Os olhos de mar de Bela Palavrinhas vigiam os catraios - afinal, ela já foi como eles, e sabe bem o que é viver com o rio entranhado na pele. É uma alma que jura que só morta é que sai da Ribeira, onde foi "nascida e criada". Figura icónica local, Bela - que também é Bela Russa, embora prefira a primeira alcunha, que lhe dá a fama - é possessiva: "Está muito triste, a minha Ribeira. Só se vê hostéis e restaurantes. E, agora, sem turismo, não é nada. Está morta, a minha Ribeira".
Tem uma esplanada por conta dela e dos garotos, que se abeiram encharcados até aos ossos. Bela olha em volta e lamenta: "Já não bastava tirarem o nosso povo da Ribeira. O turismo veio estragar isto; centenas de pessoas saíram. Agora, está completamente vazia. Durante a semana, pior ainda. Só há uns fins de semana é que têm vindo estrangeiros, mas a gente até tem medo, por causa da pandemia.

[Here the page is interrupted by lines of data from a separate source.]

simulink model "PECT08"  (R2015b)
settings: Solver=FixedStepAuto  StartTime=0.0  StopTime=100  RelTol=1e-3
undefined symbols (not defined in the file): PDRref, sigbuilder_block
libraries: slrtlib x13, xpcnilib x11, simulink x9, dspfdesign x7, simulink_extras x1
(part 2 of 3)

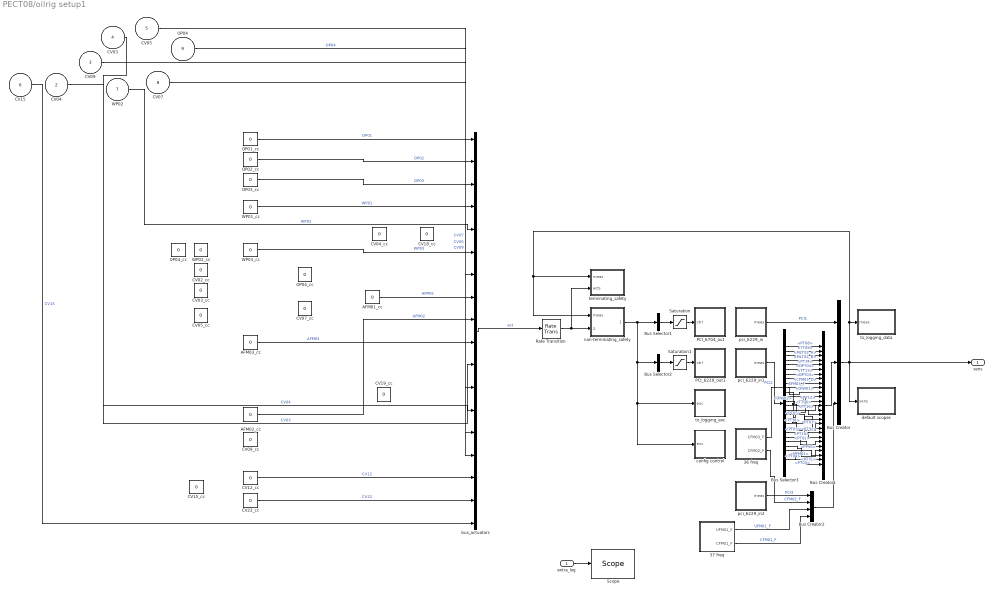
== system PECT08/oilrig setup1 ==
  extra_log : Inport
  CV04 : Inport  Port=2
  CV09 : Inport  Port=3
  CV03 : Inport  Port=4
  CV05 : Inport  Port=5
  CV15 : Inport  Port=6
  WP02 : Inport  Port=7
  CV07 : Inport  Port=8
  OP04 : Inport  Port=9
  0P04_cc : Constant  Value=0
  36 freq : Subsystem  mask{subsystem=[3,6]}
      mask init:
      | sensors = evalin('base','sensors');
      | 
      | subsystem = sprintf('[%d,%d]', subsystem(1), subsystem(2));
      | 
      | freqin = sensors(strcmp(subsystem,{sensors.PCIslot})&(strcmp('FI|0-10000Hz',{sensors.Type})));
      | if ~isempty(freqin)
      |     disp(['PCI slot ' subsystem ' loading']);
      | else
      |     error('There are no frequency inputs in the given card'); 
      | end
  37 freq : Subsystem  mask{subsystem=[3,7]}
      mask init: same as PECT08/oilrig setup1/36 freq
  AFM01_cc : Constant  Value=0
  AFM02_cc : Constant  Value=0
  AFM03_cc : Constant  Value=0
  Bus Creator : BusCreator  Inputs=3
  Bus Creator1 : BusCreator  Inputs=27
  Bus Creator2 : BusCreator  Inputs=4
  Bus Selector1 : BusSelector  OutputSignals=OP01,OP02,OP03,WP01,WP02,OP04,AFM01,AFM02,AFM03,CV03,CV04,CV09,CV05,CV12,CV22,CV15  OutputAsBus=on
  Bus Selector2 : BusSelector  OutputSignals=WP03,CV07  OutputAsBus=on
  Bus Selector3 : BusSelector  OutputSignals=PT08,TT09,MLT02_A,MLT02_B,PT14,DPT04,TT13,DPT03,CFM03_D,OIW01,OIW02,PT12,PT16,TT06,PT05,PT07,PT10,TT11,PT32,TT03,PT15,PT02,PT31,MFM01,PT03,TT04
  CV02_cc : Constant  Value=0
  CV03_cc : Constant  Value=0
  CV04_cc : Constant  Value=0
  CV05_cc : Constant  Value=0
  CV07_cc : Constant  Value=0
  CV09_cc : Constant  Value=0
  CV12_cc : Constant  Value=0
  CV15_cc : Constant  Value=0
  CV18_cc : Constant  Value=0
  CV19_cc : Constant  Value=0
  CV22_cc : Constant  Value=0
  OP01_cc : Constant  Value=0
  OP02_cc : Constant  Value=0
  OP03_cc : Constant  Value=0
  OP04_cc : Constant  Value=0
  PCI_6229_out1 : Subsystem  mask(Actuator output){subsystem=[3,5]}
      mask help: Converts and outputs actuators connected to one PCI-6229 card.
      mask init:
      | %%Get analog channels
      | actuators = evalin('base','actuators');
      | 
      | subsystem = sprintf('[%d,%d]', subsystem(1), subsystem(2));
      | 
      | analogout = actuators(strcmp(subsystem,{actuators.PCIslot}));
      | 
      | src_block = find_system(gcb, 'LookUnderMasks', 'on','Name', 'DA_sink');
      | maskObj = Simulink.Mask.get(src_block{1});
      | 
      | if(isempty(analogout))
      |    error('There are no analog outputs in the given card'); 
      | end
      | 
      | maskObj.Parameters(1,5).Value = subsystem;
      | maskObj.Parameters(1,1).Value = mat2str([analogout.Chan]+1);
      | Simulink.Block.eval(src_block{1});
      | 
      | %Find block
      | transform_blk = find_system(gcb, 'LookUnderMasks', 'on','Name', 'transform');
      | 
      | outputnames = {analogout.ElementName};
      | outputs = strjoin(outputnames,',');
      | 
      | sigcount = numel(outputnames);
      | sigstring = num2str(sigcount);
      | 
      | %Transform block
      | transform_blk = find_system(gcb, 'LookUnderMasks', 'on','Name', 'transform');
      | lines{1}=['function [' outputs ']  = fcn(u,gain,offset)'];
      | lines{2}='   y = u.*gain-offset;';
      | for i=1:numel(outputnames)
      |    %start at 4
      |    lines{2+i} = [ outputnames{i} ' = y(' num2str(i) ');'];
      | end
      | outputscript = strjoin(lines,'\n');
      | matlabfunctionfromstring(transform_blk{1}, outputscript);
      | Simulink.Block.eval(transform_blk{1});
      | 
      | %Delete lines
      | connections = find_system(gcb,'findall','on','LookUnderMasks', 'on','SearchDepth', 1,'type','line');
      | delete_line(connections);
      | 
      | for i=1:numel(outputnames)
      |    add_line(gcb,['transform/' num2str(i) ],['DA_sink/' num2str(i)],'autorouting','on');
      | end
      | 
      | %Transform block
      | add_line(gcb,'ctrl/1','transform/1','autorouting','on')
      | add_line(gcb,'gain/1','transform/2','autorouting','on')
      | add_line(gcb,'offset/1','transform/3','autorouting','on')
      | 
      | gain = [analogout.Gain]';
      | offset = [analogout.Offset]';
      mask DialogControl Control2 Prompt: Subsystem description struct
  PCI_6704_out : Subsystem  mask(Actuator output){subsystem=[3,4]}
      mask help: Converts and outputs actuators connected to one PCI-6229 card.
      mask init:
      | %%Get analog channels
      | actuators = evalin('base','actuators');
      | 
      | subsystem = sprintf('[%d,%d]', subsystem(1), subsystem(2));
      | 
      | analogout = actuators(strcmp(subsystem,{actuators.PCIslot}));
      | 
      | src_block = find_system(gcb, 'LookUnderMasks', 'on','Name', 'DA_sink');
      | maskObj = Simulink.Mask.get(src_block{1});
      | 
      | if(isempty(analogout))
      |    error('There are no analog outputs in the given card'); 
      | end
      | 
      | maskObj.Parameters(1,3).Value = subsystem;
      | maskObj.Parameters(1,1).Value = mat2str([analogout.Chan]+1);
      | Simulink.Block.eval(src_block{1});
      | 
      | %Find block
      | transform_blk = find_system(gcb, 'LookUnderMasks', 'on','Name', 'transform');
      | 
      | outputnames = {analogout.ElementName};
      | outputs = strjoin(outputnames,',');
      | 
      | sigcount = numel(outputnames);
      | sigstring = num2str(sigcount);
      | 
      | %Transform block
      | transform_blk = find_system(gcb, 'LookUnderMasks', 'on','Name', 'transform');
      | lines{1}=['function [' outputs ']  = fcn(u,gain,offset)'];
      | lines{2}='   y = u.*gain-offset;';
      | for i=1:numel(outputnames)
      |    %start at 4
      |    lines{2+i} = [ outputnames{i} ' = y(' num2str(i) ');'];
      | end
      | outputscript = strjoin(lines,'\n');
      | matlabfunctionfromstring(transform_blk{1}, outputscript);
      | Simulink.Block.eval(transform_blk{1});
      | 
      | %Delete lines
      | connections = find_system(gcb,'findall','on','LookUnderMasks', 'on','SearchDepth', 1,'type','line');
      | delete_line(connections);
      | 
      | for i=1:numel(outputnames)
      |    add_line(gcb,['transform/' num2str(i) ],['DA_sink/' num2str(i)],'autorouting','on');
      | end
      | 
      | %Transform block
      | add_line(gcb,'ctrl/1','transform/1','autorouting','on')
      | add_line(gcb,'gain/1','transform/2','autorouting','on')
      | add_line(gcb,'offset/1','transform/3','autorouting','on')
      | 
      | gain = [analogout.Gain]';
      | offset = [analogout.Offset]';
      mask DialogControl Control2 Prompt: Subsystem description struct
  Rate Transition : RateTransition
  Saturation : Saturate  UpperLimit=1  LowerLimit=0
  Saturation1 : Saturate  UpperLimit=1  LowerLimit=0
  "Scope " : slrtlib/Displays and Logging/Scope   scopeno=3  scopetype=Host  autostart=on  viewmode=Graphical sliding  formatstr='%15.6f'  grid=on  ylimits=[1.5,2.5]  nosamples=300  noprepostsamples=0  interleave=1  triggermode=FreeRun  triggersignal=1  trigsignalfromport=off  triggerlevel=0.0  triggerslope=Either  triggerscope=1  triggersample=0  filename=data.dat  mode=Lazy  writesize=512  autorestart=off  dynamicfilemode=off  maxwritefilesize=512*1024^2
  WP01_cc : Constant  Value=0
  WP02_cc : Constant  Value=0
  WP03_cc : Constant  Value=0
  bus_actuators : BusCreator  Inputs=18
  config control : Subsystem
  default scopes : Subsystem
  non-terminating_safety : Subsystem
  pci_6229_in : Subsystem  mask(Sensor reader){subsystem=[3,5]}
      mask help: Reads and converts sensors connected to one PCI-6229 card.
      mask init:
      | %%Get analog channels
      | sensors = evalin('base','sensors');
      | 
      | subsystem = sprintf('[%d,%d]', subsystem(1), subsystem(2));
      | 
      | analogin = sensors(strcmp(subsystem,{sensors.PCIslot})&(strcmp('VI|0-10V',{sensors.Type})|strcmp('VI|2-10V',{sensors.Type})|strcmp('CI|4-20mA',{sensors.Type})));
      | if ~isempty(analogin)
      |     disp(['PCI slot ' subsystem ' loading']);
      | else
      |     error('There are no analog inputs in the given card'); 
      | end
      | 
      | 
      | %%Find source (ADC) block
      | src_block = find_system(gcb, 'LookUnderMasks', 'on','Name', 'src');
      | maskObj = Simulink.Mask.get(src_block{1});
      | 
      | maskObj.Parameters(1,6).Value = subsystem;
      | maskObj.Parameters(1,1).Value = mat2str([analogin.Chan]+1);
      | Simulink.Block.eval(src_block{1});
      | 
      | %Find block
      | transform_blk = find_system(gcb, 'LookUnderMasks', 'on','Name', 'transform');
      | 
      | outputnames = {analogin.ElementName};
      | outputs = strjoin(outputnames,',');
      | 
      | sigcount = numel(outputnames);
      | sigstring = num2str(sigcount);
      | 
      | %Transform block
      | transform_blk = find_system(gcb, 'LookUnderMasks', 'on','Name', 'transform');
      | lines{1}=['function [' outputs ']  = fcn(u,gain,offset)'];
      | lines{2}='   y = u.*gain-offset;';
      | for i=1:numel(outputnames)
      |    %start at 4
      |    lines{2+i} = [ outputnames{i} ' = y(' num2str(i) ');'];
      | end
      | outputscript = strjoin(lines,'\n');
      | matlabfunctionfromstring(transform_blk{1}, outputscript);
      | Simulink.Block.eval(transform_blk{1});
      | 
      | %Delete lines
      | connections = find_system(gcb,'findall','on','LookUnderMasks', 'on','SearchDepth', 1,'type','line');
      | delete_line(connections);
      | 
      | %Mux block
      | mux_blk = find_system(gcb, 'LookUnderMasks', 'on','Name', 'mux');
      | set_param(mux_blk{1},'Inputs', sigstring);
      | Simulink.Block.eval(mux_blk{1});
      | 
      | %Bus block
      | bus_blk = find_system(gcb, 'LookUnderMasks', 'on','Name', 'bus');
      | set_param(bus_blk{1},'Inputs', sigstring);
      | Simulink.Block.eval(bus_blk{1});
      | 
      | for i=1:numel(outputnames)
      |    add_line(gcb,['src/' num2str(i) ],['mux/' num2str(i)],'autorouting','on');
      |    add_line(gcb,['transform/' num2str(i) ],['bus/' num2str(i)],'autorouting','on');
      | end
      | 
      | %Lines to bus block
      | p = get_param(transform_blk, 'PortHandles');
      | l = get_param(p{1}.Outport,'Line');
      | 
      | for i=1:numel(outputnames)
      |    set_param(l{i},'Name',outputnames{i}) 
      | end
      | 
      | %Transform block
      | add_line(gcb,'mux/1','transform/1','autorouting','on')
      | add_line(gcb,'gain/1','transform/2','autorouting','on')
      | add_line(gcb,'offset/1','transform/3','autorouting','on')
      | add_line(gcb,'bus/1','meas/1','autorouting','on')
      | 
      | gain = [analogin.Gain]';
      | offset = [analogin.Offset]';
      mask DialogControl Control2 Prompt: Subsystem description struct
  pci_6229_in1 : Subsystem  mask(Sensor reader){subsystem=[3,6]}
      mask help: Reads and converts sensors connected to one PCI-6229 card.
      mask init:
      | %%Get analog channels
      | sensors = evalin('base','sensors');
      | 
      | subsystem = sprintf('[%d,%d]', subsystem(1), subsystem(2));
      | 
      | freqin = sensors(strcmp(subsystem,{sensors.PCIslot})&(strcmp('FI|0-10000Hz',{sensors.Type})));
      | if ~isempty(freqin)
      |     disp(['PCI slot ' subsystem ' loading']);
      | else
      |     error('There are no frequency inputs in the given card'); 
      | end
      | 
      | analogin = sensors(strcmp(subsystem,{sensors.PCIslot})&(strcmp('VI|0-10V',{sensors.Type})|strcmp('VI|2-10V',{sensors.Type})|strcmp('CI|4-20mA',{sensors.Type})));
      | if ~isempty(analogin)
      |     disp(['PCI slot ' subsystem ' loading']);
      | else
      |     error('There are no analog inputs in the given card'); 
      | end
      | 
      | 
      | %%Find source (ADC) block
      | src_block = find_system(gcb, 'LookUnderMasks', 'on','Name', 'src');
      | maskObj = Simulink.Mask.get(src_block{1});
      | 
      | maskObj.Parameters(1,6).Value = subsystem;
      | maskObj.Parameters(1,1).Value = mat2str([analogin.Chan]+1);
      | Simulink.Block.eval(src_block{1});
      | 
      | %Find block
      | transform_blk = find_system(gcb, 'LookUnderMasks', 'on','Name', 'transform');
      | 
      | outputnames = {analogin.ElementName};
      | outputs = strjoin(outputnames,',');
      | 
      | sigcount = numel(outputnames);
      | sigstring = num2str(sigcount);
      | 
      | %Transform block
      | transform_blk = find_system(gcb, 'LookUnderMasks', 'on','Name', 'transform');
      | lines{1}=['function [' outputs ']  = fcn(u,gain,offset)'];
      | lines{2}='   y = u.*gain-offset;';
      | for i=1:numel(outputnames)
      |    %start at 4
      |    lines{2+i} = [ outputnames{i} ' = y(' num2str(i) ');'];
      | end
      | outputscript = strjoin(lines,'\n');
      | matlabfunctionfromstring(transform_blk{1}, outputscript);
      | Simulink.Block.eval(transform_blk{1});
      | 
      | %Delete lines
      | connections = find_system(gcb,'findall','on','LookUnderMasks', 'on','SearchDepth', 1,'type','line');
      | delete_line(connections);
      | 
      | %Mux block
      | mux_blk = find_system(gcb, 'LookUnderMasks', 'on','Name', 'mux');
      | set_param(mux_blk{1},'Inputs', sigstring);
      | Simulink.Block.eval(mux_blk{1});
      | 
      | %Bus block
      | bus_blk = find_system(gcb, 'LookUnderMasks', 'on','Name', 'bus');
      | set_param(bus_blk{1},'Inputs', sigstring);
      | Simulink.Block.eval(bus_blk{1});
      | 
      | for i=1:numel(outputnames)
      |    add_line(gcb,['src/' num2str(i) ],['mux/' num2str(i)],'autorouting','on');
      |    add_line(gcb,['transform/' num2str(i) ],['bus/' num2str(i)],'autorouting','on');
      | end
      | 
      | %Lines to bus block
      | p = get_param(transform_blk, 'PortHandles');
      | l = get_param(p{1}.Outport,'Line');
      | 
      | for i=1:numel(outputnames)
      |    set_param(l{i},'Name',outputnames{i}) 
      | end
      | 
      | %Transform block
      | add_line(gcb,'mux/1','transform/1','autorouting','on')
      | add_line(gcb,'gain/1','transform/2','autorouting','on')
      | add_line(gcb,'offset/1','transform/3','autorouting','on')
      | add_line(gcb,'bus/1','meas/1','autorouting','on')
      | 
      | gain = [analogin.Gain]';
      | offset = [analogin.Offset]';
      mask DialogControl Control2 Prompt: Subsystem description struct
  pci_6229_in2 : Subsystem  mask(Sensor reader){subsystem=[3,7]}
      mask help: Reads and converts sensors connected to one PCI-6229 card.
      mask init:
      | %%Get analog channels
      | sensors = evalin('base','sensors');
      | 
      | subsystem = sprintf('[%d,%d]', subsystem(1), subsystem(2));
      | 
      | analogin = sensors(strcmp(subsystem,{sensors.PCIslot})&(strcmp('VI|0-10V',{sensors.Type})|strcmp('VI|2-10V',{sensors.Type})|strcmp('CI|4-20mA',{sensors.Type})));
      | if ~isempty(analogin)
      |     disp(['PCI slot ' subsystem ' loading']);
      | else
      |     error('There are no analog inputs in the given card'); 
      | end
      | 
      | freqin = sensors(strcmp(subsystem,{sensors.PCIslot})&(strcmp('FI|0-10000Hz',{sensors.Type})));
      | if ~isempty(freqin)
      |     disp(['PCI slot ' subsystem ' loading']);
      | else
      |     error('There are no analog inputs in the given card'); 
      | end
      | 
      | 
      | 
      | %%Find source (ADC) block
      | src_block = find_system(gcb, 'LookUnderMasks', 'on','Name', 'src');
      | maskObj = Simulink.Mask.get(src_block{1});
      | 
      | maskObj.Parameters(1,6).Value = subsystem;
      | maskObj.Parameters(1,1).Value = mat2str([analogin.Chan]+1);
      | Simulink.Block.eval(src_block{1});
      | 
      | %Find block
      | transform_blk = find_system(gcb, 'LookUnderMasks', 'on','Name', 'transform');
      | 
      | outputnames = {analogin.ElementName};
      | outputs = strjoin(outputnames,',');
      | 
      | sigcount = numel(outputnames);
      | sigstring = num2str(sigcount);
      | 
      | %Transform block
      | transform_blk = find_system(gcb, 'LookUnderMasks', 'on','Name', 'transform');
      | lines{1}=['function [' outputs ']  = fcn(u,gain,offset)'];
      | lines{2}='   y = u.*gain-offset;';
      | for i=1:numel(outputnames)
      |    %start at 4
      |    lines{2+i} = [ outputnames{i} ' = y(' num2str(i) ');'];
      | end
      | outputscript = strjoin(lines,'\n');
      | matlabfunctionfromstring(transform_blk{1}, outputscript);
      | Simulink.Block.eval(transform_blk{1});
      | 
      | %Delete lines
      | connections = find_system(gcb,'findall','on','LookUnderMasks', 'on','SearchDepth', 1,'type','line');
      | delete_line(connections);
      | 
      | %Mux block
      | mux_blk = find_system(gcb, 'LookUnderMasks', 'on','Name', 'mux');
      | set_param(mux_blk{1},'Inputs', sigstring);
      | Simulink.Block.eval(mux_blk{1});
      | 
      | %Bus block
      | bus_blk = find_system(gcb, 'LookUnderMasks', 'on','Name', 'bus');
      | set_param(bus_blk{1},'Inputs', sigstring);
      | Simulink.Block.eval(bus_blk{1});
      | 
      | for i=1:numel(outputnames)
      |    add_line(gcb,['src/' num2str(i) ],['mux/' num2str(i)],'autorouting','on');
      |    add_line(gcb,['transform/' num2str(i) ],['bus/' num2str(i)],'autorouting','on');
      | end
      | 
      | %Lines to bus block
      | p = get_param(transform_blk, 'PortHandles');
      | l = get_param(p{1}.Outport,'Line');
      | 
      | for i=1:numel(outputnames)
      |    set_param(l{i},'Name',outputnames{i}) 
      | end
      | 
      | %Transform block
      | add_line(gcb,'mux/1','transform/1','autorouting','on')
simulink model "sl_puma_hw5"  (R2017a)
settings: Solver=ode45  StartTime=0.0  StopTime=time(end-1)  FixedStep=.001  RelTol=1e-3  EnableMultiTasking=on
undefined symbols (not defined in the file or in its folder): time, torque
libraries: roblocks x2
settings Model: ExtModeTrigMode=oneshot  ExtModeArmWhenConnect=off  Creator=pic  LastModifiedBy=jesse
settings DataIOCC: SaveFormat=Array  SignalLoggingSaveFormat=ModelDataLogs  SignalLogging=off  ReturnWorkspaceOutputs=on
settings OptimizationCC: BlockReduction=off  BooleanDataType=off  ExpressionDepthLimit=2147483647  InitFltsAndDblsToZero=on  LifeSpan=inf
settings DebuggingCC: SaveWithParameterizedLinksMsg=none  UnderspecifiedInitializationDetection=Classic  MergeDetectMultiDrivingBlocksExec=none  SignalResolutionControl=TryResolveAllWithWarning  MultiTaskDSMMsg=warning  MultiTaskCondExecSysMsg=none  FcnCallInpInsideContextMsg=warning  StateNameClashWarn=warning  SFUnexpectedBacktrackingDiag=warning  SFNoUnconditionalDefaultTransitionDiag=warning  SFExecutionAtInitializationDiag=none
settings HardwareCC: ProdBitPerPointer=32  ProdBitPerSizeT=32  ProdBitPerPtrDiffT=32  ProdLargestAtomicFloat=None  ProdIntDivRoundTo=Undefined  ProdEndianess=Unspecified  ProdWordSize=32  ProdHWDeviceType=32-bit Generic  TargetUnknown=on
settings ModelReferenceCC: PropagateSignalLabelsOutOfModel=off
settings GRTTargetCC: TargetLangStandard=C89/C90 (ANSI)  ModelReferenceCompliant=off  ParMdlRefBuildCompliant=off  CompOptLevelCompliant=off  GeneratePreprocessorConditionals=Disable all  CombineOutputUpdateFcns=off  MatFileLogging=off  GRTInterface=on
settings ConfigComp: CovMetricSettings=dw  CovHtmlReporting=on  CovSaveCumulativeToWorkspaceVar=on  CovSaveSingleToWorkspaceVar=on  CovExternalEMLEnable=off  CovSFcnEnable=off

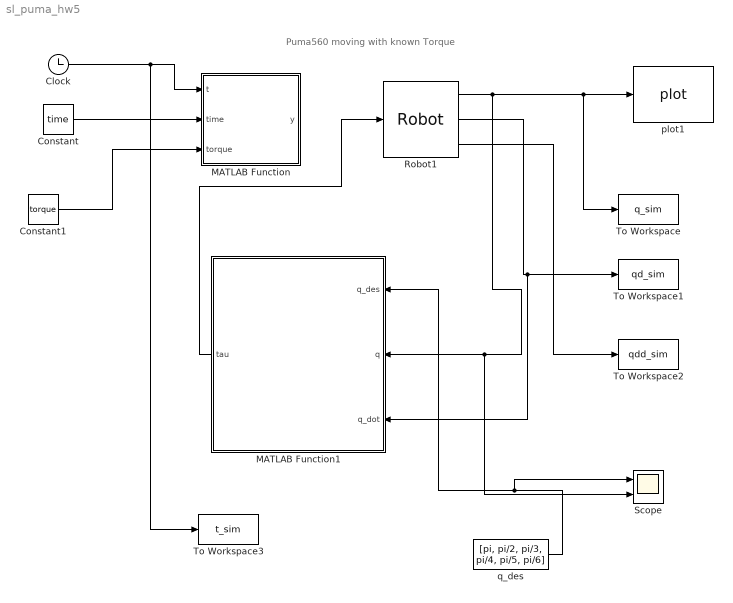
== system sl_puma_hw5 ==
  note: Puma560 moving with known Torque
  Clock : Clock
  Constant : Constant  Value=time
  Constant1 : Constant  Value=torque
  MATLAB Function : MATLAB Function  TreatAsAtomicUnit=on
  MATLAB Function1 : MATLAB Function  TreatAsAtomicUnit=on
  Robot1 : roblocks/Arm/Robot  robot=p560  q0=[0 0 0 0 0 0]
  Scope : Scope  NumInputPorts=2
  To Workspace : ToWorkspace  VariableName=q_sim  SampleTime=-1
  To Workspace1 : ToWorkspace  VariableName=qd_sim  SampleTime=-1
  To Workspace2 : ToWorkspace  VariableName=qdd_sim  SampleTime=-1
  To Workspace3 : ToWorkspace  VariableName=t_sim  SampleTime=-1
  plot1 : roblocks/Arm/plot  robot=p560  fps=5  holdplot=on
  q_des : Constant  Value=[pi, pi/2, pi/3, pi/4, pi/5, pi/6]
  wires:
  Robot1/3 -> To Workspace2/1
  Robot1/2 -> MATLAB Function1/3(q_dot), To Workspace1/1
  Clock/1 -> To Workspace3/1, MATLAB Function/1(t)
  Constant/1 -> MATLAB Function/2(time)
  Constant1/1 -> MATLAB Function/3(torque)
  MATLAB Function1/1(tau) -> Robot1/1
  Robot1/1 -> Scope/2, MATLAB Function1/2(q), plot1/1, To Workspace/1
  q_des/1 -> Scope/1, MATLAB Function1/1(q_des)

== matlab function sl_puma_hw5/MATLAB Function1 ==
  data: q_des input; tau output; q input; q_dot input
function tau = torque_pd_condrol(q_des, q, q_dot)

% q_desired_1 = [pi, pi/2, pi/3, pi/4, pi/5, pi/6];
% q_desired_2 = [pi/6, pi/5, pi/4, pi/3, pi/2, pi];

% kp = 10;
% kd = 2;

kp = [10, 30, 20, 10, 10, 10];
kd = [2, 5, 2, 2, 2, 2];

tau1 = kp(1)*(q_des(1) - q(1)) - kd(1)*(q_dot(1));
tau2 = kp(2)*(q_des(2) - q(2)) - kd(2)*(q_dot(2));
tau3 = kp(3)*(q_des(3) - q(3)) - kd(3)*(q_dot(3));
tau4 = kp(4)*(q_des(4) - q(4)) - kd(4)*(q_dot(4));
tau5 = kp(5)*(q_des(5) - q(5)) - kd(5)*(q_dot(5));
tau6 = kp(6)*(q_des(6) - q(6)) - kd(6)*(q_dot(6));

tau = [tau1, tau2, tau3, tau4, tau5, tau6];
end

== matlab function sl_puma_hw5/MATLAB Function ==
  data: t input; y output; time input; torque input
function y = get_torque(t, time, torque)

y = interp1(time, torque, t);

end

É uma coisa inédita".
"Não há volta a dar"
No Clube Desportivo e Cultural dos Guindais, Maria Figueiras lastimava o mesmo: "Nota-se muito a quebra de turistas. E moradores, agora, nada. Foi quase tudo embora". A meio das Escadas dos Guindais, Rui Barros, que lidera o mítico Guindalense, nota, em contrapartida, "um acréscimo de portugueses, de pessoas de Gaia, Matosinhos, Rio Tinto", no bar da associação. O sobe e desce de turistas é que "não tem nada a ver" com o movimento que havia antes da pandemia.
Sentencia, contudo: "O Porto depende do turismo, e não há volta a dar. O grande mal foi a malta nova começar a sair quando se deu a construção [nos arredores do Porto]. Era rico comprar um apartamento fora daqui, porque morar na Sé era pobre. Chique era comprar apartamento em Gaia, por exemplo. Hoje, dão couro e cabelo para virem para aqui".